The order keeps schools and daycares open as long as they adhere to reopening protocols. If facilities experience an outbreak of three or more cases over a two week period, then they are required to close for two weeks.

“We know we are asking a lot from so many who have been sacrificing for months on end, and we hope that L.A. County residents continue following Public Health safety measures that we know can slow the spread,” Dr. Barbara Ferrer, director of the Los Angeles County Department of Public Health, reports NPR. “Acting with collective urgency right now is essential if we want to put a stop to this surge.”

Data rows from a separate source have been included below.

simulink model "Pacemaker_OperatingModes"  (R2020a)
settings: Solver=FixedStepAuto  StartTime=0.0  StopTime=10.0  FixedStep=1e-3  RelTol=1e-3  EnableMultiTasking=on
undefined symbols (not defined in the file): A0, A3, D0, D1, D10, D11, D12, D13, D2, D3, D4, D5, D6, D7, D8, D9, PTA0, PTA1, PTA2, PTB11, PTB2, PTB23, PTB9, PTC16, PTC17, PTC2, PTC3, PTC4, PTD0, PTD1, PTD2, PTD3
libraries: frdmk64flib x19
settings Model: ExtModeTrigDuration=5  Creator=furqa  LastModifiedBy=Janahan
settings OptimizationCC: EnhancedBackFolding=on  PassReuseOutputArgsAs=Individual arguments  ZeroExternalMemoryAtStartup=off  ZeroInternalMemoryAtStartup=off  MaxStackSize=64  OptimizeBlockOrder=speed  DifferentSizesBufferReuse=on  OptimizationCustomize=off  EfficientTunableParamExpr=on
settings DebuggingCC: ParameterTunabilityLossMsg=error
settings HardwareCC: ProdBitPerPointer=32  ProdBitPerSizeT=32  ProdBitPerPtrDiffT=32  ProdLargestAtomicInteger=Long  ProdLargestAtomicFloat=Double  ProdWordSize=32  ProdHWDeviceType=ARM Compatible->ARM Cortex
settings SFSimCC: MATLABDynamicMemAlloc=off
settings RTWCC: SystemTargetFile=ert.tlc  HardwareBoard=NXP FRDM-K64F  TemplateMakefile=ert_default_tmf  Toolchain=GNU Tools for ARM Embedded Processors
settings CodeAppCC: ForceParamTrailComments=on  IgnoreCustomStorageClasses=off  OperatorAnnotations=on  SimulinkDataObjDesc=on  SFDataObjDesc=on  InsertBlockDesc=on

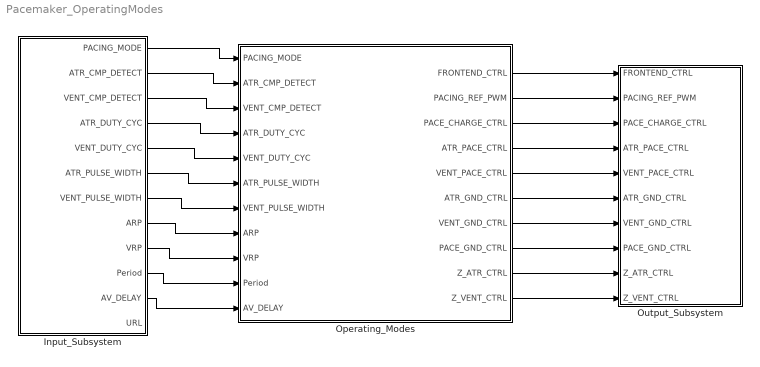
== system Pacemaker_OperatingModes ==
  Input_Subsystem : Subsystem
  Operating_Modes : Stateflow chart  TreatAsAtomicUnit=on
  Output_Subsystem : Subsystem
  wires:
  Input_Subsystem/1(PACING_MODE) -> Operating_Modes/1(PACING_MODE)
  Input_Subsystem/4(ATR_DUTY_CYC) -> Operating_Modes/4(ATR_DUTY_CYC)
  Input_Subsystem/5(VENT_DUTY_CYC) -> Operating_Modes/5(VENT_DUTY_CYC)
  Input_Subsystem/6("ATR_PULSE_WIDTH ") -> Operating_Modes/6(ATR_PULSE_WIDTH)
  Input_Subsystem/7("VENT_PULSE_WIDTH ") -> Operating_Modes/7(VENT_PULSE_WIDTH)
  Operating_Modes/1(FRONTEND_CTRL) -> Output_Subsystem/1(FRONTEND_CTRL)
  Operating_Modes/2(PACING_REF_PWM) -> Output_Subsystem/2(PACING_REF_PWM)
  Operating_Modes/3(PACE_CHARGE_CTRL) -> Output_Subsystem/3(PACE_CHARGE_CTRL)
  Operating_Modes/4(ATR_PACE_CTRL) -> Output_Subsystem/4(ATR_PACE_CTRL)
  Operating_Modes/5(VENT_PACE_CTRL) -> Output_Subsystem/5(VENT_PACE_CTRL)
  Operating_Modes/6(ATR_GND_CTRL) -> Output_Subsystem/6(ATR_GND_CTRL)
  Operating_Modes/7(VENT_GND_CTRL) -> Output_Subsystem/7(VENT_GND_CTRL)
  Operating_Modes/8(PACE_GND_CTRL) -> Output_Subsystem/8(PACE_GND_CTRL)
  Operating_Modes/9(Z_ATR_CTRL) -> Output_Subsystem/9(Z_ATR_CTRL)
  Operating_Modes/10(Z_VENT_CTRL) -> Output_Subsystem/10(Z_VENT_CTRL)
  Input_Subsystem/2(ATR_CMP_DETECT) -> Operating_Modes/2(ATR_CMP_DETECT)
  Input_Subsystem/3(VENT_CMP_DETECT) -> Operating_Modes/3(VENT_CMP_DETECT)
  Input_Subsystem/8(ARP) -> Operating_Modes/8(ARP)
  Input_Subsystem/9(VRP) -> Operating_Modes/9(VRP)
  Input_Subsystem/10("Period ") -> Operating_Modes/10(Period)
  Input_Subsystem/11(AV_DELAY) -> Operating_Modes/11(AV_DELAY)

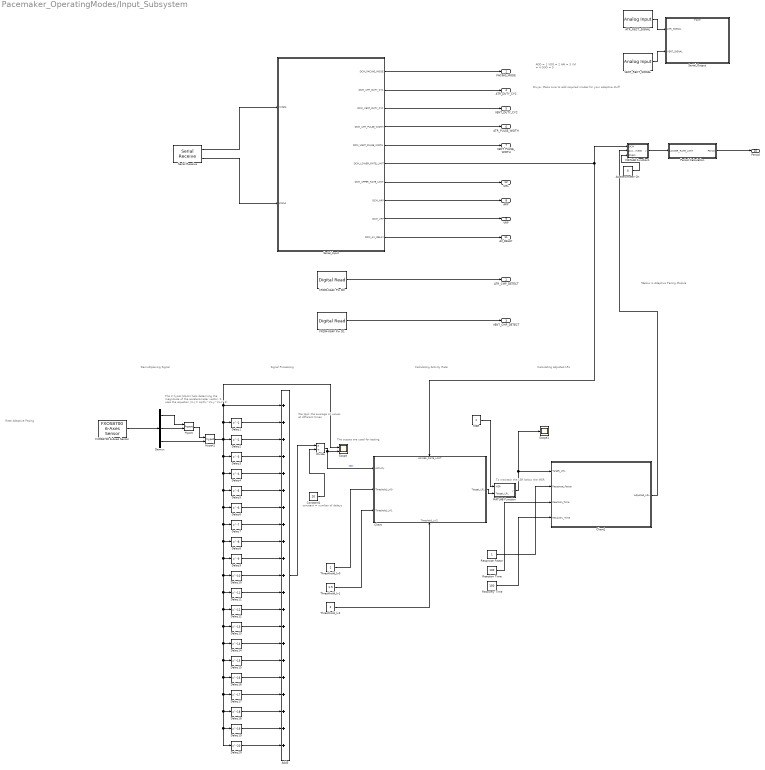
== system Pacemaker_OperatingModes/Input_Subsystem ==
  note: The scopes are used for testing.
  note: The 2 hypot blocks help determing the magnitude of the accelerometer vector. It uses the equation |m| = sqrt(x^2+y^2+z^2)
  note: We took the average of values at different times
  note: To maintain the LSR below the MSR
  note: *Below is Adaptive Pacing Module
  note: Calculating Adjusted LRL
  note: Calculating Activity Rate
  note: Signal Processing
  note: Demultiplexing Signal
  note: Rate Adaptive Pacing
  note: Divya: Make sure to add required modes for your adaptive stuff
  note: AOO = 1
      | VOO = 2
      | AAI = 3
      | VVI = 4
      | DOO = 5
  note: constant = number of delays
  ATR_RECT_SIGNAL : frdmk64flib/Analog Input  Whichpin=PTB11 (A3)  SampleTime=-1
  Accelerometer On : Constant  Value=0
  Add3 : Sum  Inputs=+++++++++++++++++++++
  Chart : Stateflow chart  TreatAsAtomicUnit=on
      settings: PortSchema="{\"entries\":[{\"content\":{\"sides\":[{\"content\":{\"connectorIds\":[\"In4\",\"In3\",\"In1\"]},\"type\":\"ConnectorPlacement.EquallySpacedRectSide\",\"uuid\":\"4cb2c1a3-7832-42b2-9b4d-c3890044bf68\"},{\"content\":{\"connectorIds\":[\"Out1\"],\"side\":\"RIGHT\"},\"type\":\"ConnectorPlacement.EquallySpacedRectSide\",\"uuid\":\"b75defaf-0423-434a-ad80-75ff250baeb0\"},{\"content\":{\"connectorIds\":[\"In5\"],\"side\":\"TOP\"},\"type\":\"ConnectorPlacement.EquallySpacedRectSide\",\"uuid\":\"f36c0704-1900-49b9-9e2d-9f70bdacb700\"},{\"content\":{\"connectorIds\":[\"In2\"],\"side\":\"BOTTOM\"},\"type\":\"ConnectorPlacement.EquallySpacedRectSide\",\"uuid\":\"10402b4c-ca14-4c24-b85b-0c765525471f\"}]},\"type\":\"ConnectorPlacement.EquallySpacedConnector\",\"uuid\":\"93fa6e22-2fd1-4ef1-b7ce-d92ac3f9f3b8\"}],\"packageUris\":[\"http://schema.mathworks.com/mf0/Connector/19700101\"],\"version\":\"1.0\"}"
  Chart1 : Stateflow chart  TreatAsAtomicUnit=on
  Constant1 : Constant  Value=20
  Delay1 : Delay  DelayLength=1
  Delay10 : Delay  DelayLength=10
  Delay11 : Delay  DelayLength=11
  Delay12 : Delay  DelayLength=12
  Delay13 : Delay  DelayLength=13
  Delay14 : Delay  DelayLength=14
  Delay15 : Delay  DelayLength=15
  Delay16 : Delay  DelayLength=16
  Delay17 : Delay  DelayLength=17
  Delay18 : Delay  DelayLength=18
  Delay19 : Delay  DelayLength=19
  Delay2 : Delay
  Delay20 : Delay  DelayLength=20
  Delay3 : Delay  DelayLength=3
  Delay4 : Delay  DelayLength=4
  Delay5 : Delay  DelayLength=5
  Delay6 : Delay  DelayLength=6
  Delay7 : Delay  DelayLength=7
  Delay8 : Delay  DelayLength=8
  Delay9 : Delay  DelayLength=9
  Demux : Demux  Outputs=3
  Divide : Product  Inputs=*/
  FRDM-K64F Pin D0 : frdmk64flib/Digital Read  Whichpin=PTC16 (D0)  SampleTime=-1
  FRDM-K64F Pin D1 : frdmk64flib/Digital Read  Whichpin=PTC17 (D1)  SampleTime=-1
  FXOS8700 6-Axes Sensor : frdmk64flib/FXOS8700 6-Axes Sensor  Activesensor=Accelerometer only  ODR=800Hz  HybridODR=400Hz  Accelfullrange=-4g to +4g  SampleTime=-1
  Hypot : Math  Operator=hypot  SaturateOnIntegerOverflow=on
  Hypot1 : Math  Operator=hypot  SaturateOnIntegerOverflow=on
  MATLAB Function : MATLAB Function  TreatAsAtomicUnit=on
  MATLAB Function1 : MATLAB Function  TreatAsAtomicUnit=on
  MSR : Constant
  Period Calculation : Subsystem
  Reaction Time : Constant  Value=100
  Recovery Time : Constant  Value=150
  Respnose Factor : Constant
  Scope : Scope  NumInputPorts=2
  Scope1 : Scope
  Serial Receive : frdmk64flib/Serial Receive  SCIModule=0  Baudrate=uint32(9600)  Parity=None  StopBits=1  HardwareFlowControl=None  ByteOrder=LittleEndian  DataType=uint8  DataLength=10  BlockingMode=off  OutputStatus=on  SampleTime=0.1
  Serial_Input : Stateflow chart  TreatAsAtomicUnit=on
  Serial_Output : Subsystem
  Threshhold_lv0 : Constant  OutDataTypeStr=double
  Threshhold_lv1 : Constant  Value=1.5
  Threshhold_lv2 : Constant  Value=2
  VENT_RECT_SIGNAL : frdmk64flib/Analog Input  Whichpin=PTB2 (A0)  SampleTime=-1
  PACING_MODE : Outport
  ATR_CMP_DETECT : Outport  Port=2
  VENT_CMP_DETECT : Outport  Port=3
  ATR_DUTY_CYC : Outport  Port=4
  VENT_DUTY_CYC : Outport  Port=5
  "ATR_PULSE_WIDTH " : Outport  Port=6
  "VENT_PULSE_WIDTH " : Outport  Port=7
  ARP : Outport  Port=8
  VRP : Outport  Port=9
  "Period " : Outport  Port=10
  AV_DELAY : Outport  Port=11
  URL : Outport  Port=12
  wires:
  FRDM-K64F Pin D0/1 -> ATR_CMP_DETECT/1
  FRDM-K64F Pin D1/1 -> VENT_CMP_DETECT/1
  Period Calculation/1(Period) -> "Period "/1
  Serial_Input/1(DCM_PACING_MODE) -> PACING_MODE/1
  Serial_Input/2(DCM_ATR_DUTY_CYC) -> ATR_DUTY_CYC/1
  Serial_Input/3(DCM_VENT_DUTY_CYC) -> VENT_DUTY_CYC/1
  Serial_Input/4(DCM_ATR_PULSE_WIDTH) -> "ATR_PULSE_WIDTH "/1
  Serial_Input/5(DCM_VENT_PULSE_WIDTH) -> "VENT_PULSE_WIDTH "/1
  Serial_Input/7(DCM_UPPER_RATE_LIMIT) -> URL/1
  Serial_Input/8(DCM_ARP) -> ARP/1
  Serial_Input/9(DCM_VRP) -> VRP/1
  Serial_Input/10(DCM_AV_DELAY) -> AV_DELAY/1
  Serial Receive/1 -> Serial_Input/1(rxdata)
  Serial Receive/2 -> Serial_Input/2(status)
  ATR_RECT_SIGNAL/1 -> Serial_Output/1(ATR_SIGNAL)
  VENT_RECT_SIGNAL/1 -> Serial_Output/2(VENT_SIGNAL)
  Serial_Input/6(DCM_LOWER_RATE_LIMIT) -> Chart/5(LOWER_RATE_LIMIT), MATLAB Function1/1(DCM)
  Chart1/1(Adjusted_LRL) -> MATLAB Function1/2(Accelerometer)
  Divide/1 -> Chart/4(Activity), Scope/2  "test"
  Recovery Time/1 -> Chart1/4(Recovery_Time)
  Threshhold_lv2/1 -> Chart/2(Threshold_Lvl2)
  Threshhold_lv0/1 -> Chart/3(Threshold_Lvl0)
  Respnose Factor/1 -> Chart1/2(Response_Factor)
  Reaction Time/1 -> Chart1/3(Reaction_Time)
  Delay17/1 -> Add3/18
  Delay11/1 -> Add3/12
  Chart/1(Target_LRL) -> MATLAB Function/2(Target_LRL)
  Demux/2 -> Hypot/2
  Delay10/1 -> Add3/11
  MSR/1 -> MATLAB Function/1(MSR)
  Delay19/1 -> Add3/20
  Delay14/1 -> Add3/15
  Delay12/1 -> Add3/13
  Delay4/1 -> Add3/5
  Hypot/1 -> Hypot1/1
  Delay2/1 -> Add3/3
  Delay1/1 -> Add3/2
  Delay15/1 -> Add3/16
  Delay8/1 -> Add3/9
  Delay7/1 -> Add3/8
  Hypot1/1 -> Delay15/1, Delay19/1, Delay20/1, Delay18/1, Delay17/1, Delay16/1, Delay14/1, Delay13/1, Delay12/1, Delay11/1, Delay10/1, Delay9/1, Delay8/1, Delay7/1, Delay6/1, Delay5/1, Delay4/1, Delay3/1, Delay2/1, Delay1/1, Scope/1, Add3/1
  Constant1/1 -> Divide/2
  Demux/1 -> Hypot/1
  Delay5/1 -> Add3/6
  Delay6/1 -> Add3/7
  Demux/3 -> Hypot1/2
  Delay9/1 -> Add3/10
  Delay13/1 -> Add3/14
  Add3/1 -> Divide/1
  Delay18/1 -> Add3/19
  Delay20/1 -> Add3/21
  FXOS8700 6-Axes Sensor/1 -> Demux/1
  Delay3/1 -> Add3/4
  MATLAB Function/1(y) -> Scope1/1, Chart1/1(Target_LRL)
  Delay16/1 -> Add3/17
  Threshhold_lv1/1 -> Chart/1(Threshold_Lvl1)
  MATLAB Function1/1(y) -> Period Calculation/1(LOWER_RATE_LIMIT)
  Accelerometer On/1 -> MATLAB Function1/3(Check)

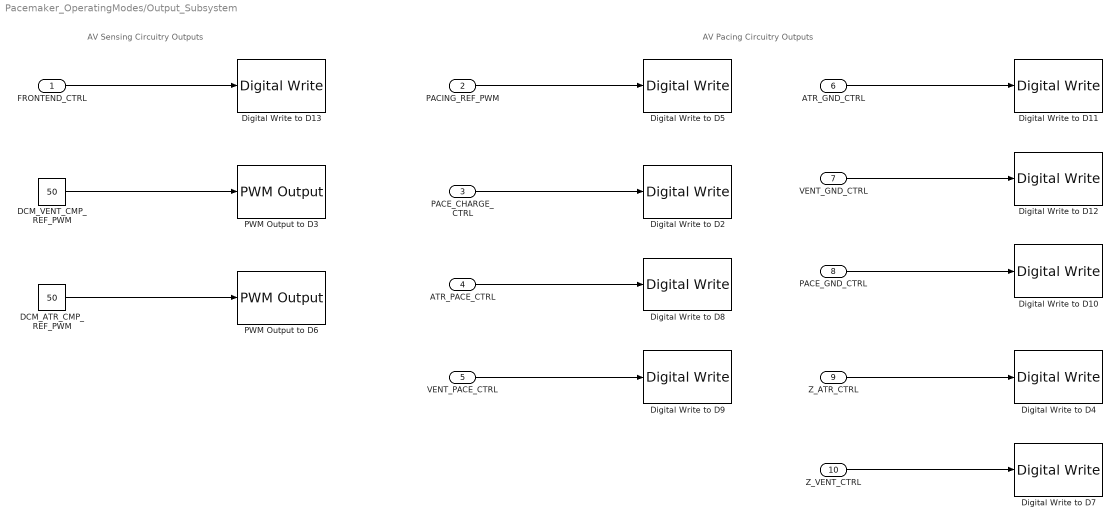
== system Pacemaker_OperatingModes/Output_Subsystem ==
  note: AV Pacing Circuitry Outputs
  note: AV Sensing Circuitry Outputs
  FRONTEND_CTRL : Inport
  PACING_REF_PWM : Inport  Port=2
  PACE_CHARGE_CTRL : Inport  Port=3
  ATR_PACE_CTRL : Inport  Port=4
  VENT_PACE_CTRL : Inport  Port=5
  ATR_GND_CTRL : Inport  Port=6
  VENT_GND_CTRL : Inport  Port=7
  PACE_GND_CTRL : Inport  Port=8
  Z_ATR_CTRL : Inport  Port=9
  Z_VENT_CTRL : Inport  Port=10
  DCM_ATR_CMP_REF_PWM : Constant  Value=50
  DCM_VENT_CMP_REF_PWM : Constant  Value=50
  Digital Write to D10 : frdmk64flib/Digital Write  Whichpin=PTD0 (D10)
  Digital Write to D11 : frdmk64flib/Digital Write  Whichpin=PTD2 (D11)
  Digital Write to D12 : frdmk64flib/Digital Write  Whichpin=PTD3 (D12)
  Digital Write to D13 : frdmk64flib/Digital Write  Whichpin=PTD1 (D13)
  Digital Write to D2 : frdmk64flib/Digital Write  Whichpin=PTB9 (D2)
  Digital Write to D4 : frdmk64flib/Digital Write  Whichpin=PTB23 (D4)
  Digital Write to D5 : frdmk64flib/Digital Write  Whichpin=PTA2 (D5)
  Digital Write to D7 : frdmk64flib/Digital Write  Whichpin=PTC3 (D7)
  Digital Write to D8 : frdmk64flib/Digital Write  Whichpin=PTA0 (D8)
  Digital Write to D9 : frdmk64flib/Digital Write  Whichpin=PTC4 (D9)
  PWM Output to D3 : frdmk64flib/PWM Output  Whichpin=PTA1 (D3)  InitialFrequency=2000  InitialDutyCycle=0
  PWM Output to D6 : frdmk64flib/PWM Output  Whichpin=PTC2 (D6)  InitialFrequency=2000  InitialDutyCycle=0
  wires:
  FRONTEND_CTRL/1 -> Digital Write to D13/1
  DCM_VENT_CMP_REF_PWM/1 -> PWM Output to D3/1
  DCM_ATR_CMP_REF_PWM/1 -> PWM Output to D6/1
  PACING_REF_PWM/1 -> Digital Write to D5/1
  PACE_CHARGE_CTRL/1 -> Digital Write to D2/1
  ATR_PACE_CTRL/1 -> Digital Write to D8/1
  VENT_GND_CTRL/1 -> Digital Write to D12/1
  VENT_PACE_CTRL/1 -> Digital Write to D9/1
  ATR_GND_CTRL/1 -> Digital Write to D11/1
  PACE_GND_CTRL/1 -> Digital Write to D10/1
  Z_ATR_CTRL/1 -> Digital Write to D4/1
  Z_VENT_CTRL/1 -> Digital Write to D7/1

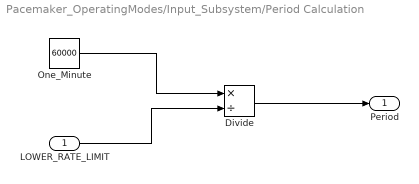
== system Pacemaker_OperatingModes/Input_Subsystem/Period Calculation ==
  LOWER_RATE_LIMIT : Inport
  Divide : Product  Inputs=*/
  One_Minute : Constant  Value=60000
  Period : Outport
  wires:
  One_Minute/1 -> Divide/1
  LOWER_RATE_LIMIT/1 -> Divide/2
  Divide/1 -> Period/1

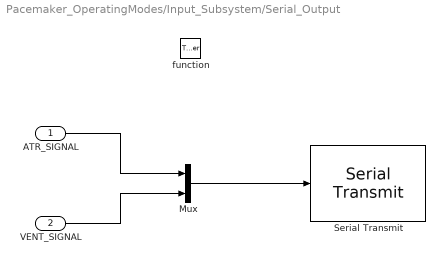
== system Pacemaker_OperatingModes/Input_Subsystem/Serial_Output ==
  ATR_SIGNAL : Inport
  VENT_SIGNAL : Inport  Port=2
  function : TriggerPort  TriggerType=function-call  IsSimulinkFunction=on  FunctionName=send_params  VariantControl=Variant
  Mux : Mux  Inputs=2
  Serial Transmit : frdmk64flib/Serial Transmit  SCIModule=0  Baudrate=uint32(9600)  Parity=None  StopBits=1  HardwareFlowControl=None  ByteOrder=LittleEndian  BlockingMode=on  OutputStatus=off
  wires:
  Mux/1 -> Serial Transmit/1
  VENT_SIGNAL/1 -> Mux/2
  ATR_SIGNAL/1 -> Mux/1

== stateflow chart Pacemaker_OperatingModes/Input_Subsystem/Serial_Input ==
  state SET_PARAMS
    entry:
    DCM_PACING_MODE = typecast(rxdata(4), 'uint8');
    DCM_ATR_DUTY_CYC = typecast(rxdata(5), 'uint8');
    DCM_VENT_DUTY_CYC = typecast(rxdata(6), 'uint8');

Reactions to the new orders remain mixed, with some people taking to Twitter to voice their support — or frustration. Twitter user Michael J. Fell called the restrictions “tyrannical abuse,” while another decried mask mandates and shutdowns. Others praised the move.

Last week, Pfizer and its partner, BioNTech, asked the Food and Drug Administration to grant an emergency use authorization for its COVID-19 vaccine — medicine which has been found 95 percent effective in clinical trials. An additional vaccine from the biotech company Moderna is expected to be submitted for emergency authorization in the coming weeks.

Those first vaccines, however, are set aside for frontline healthcare workers and those most at risk such as the elderly.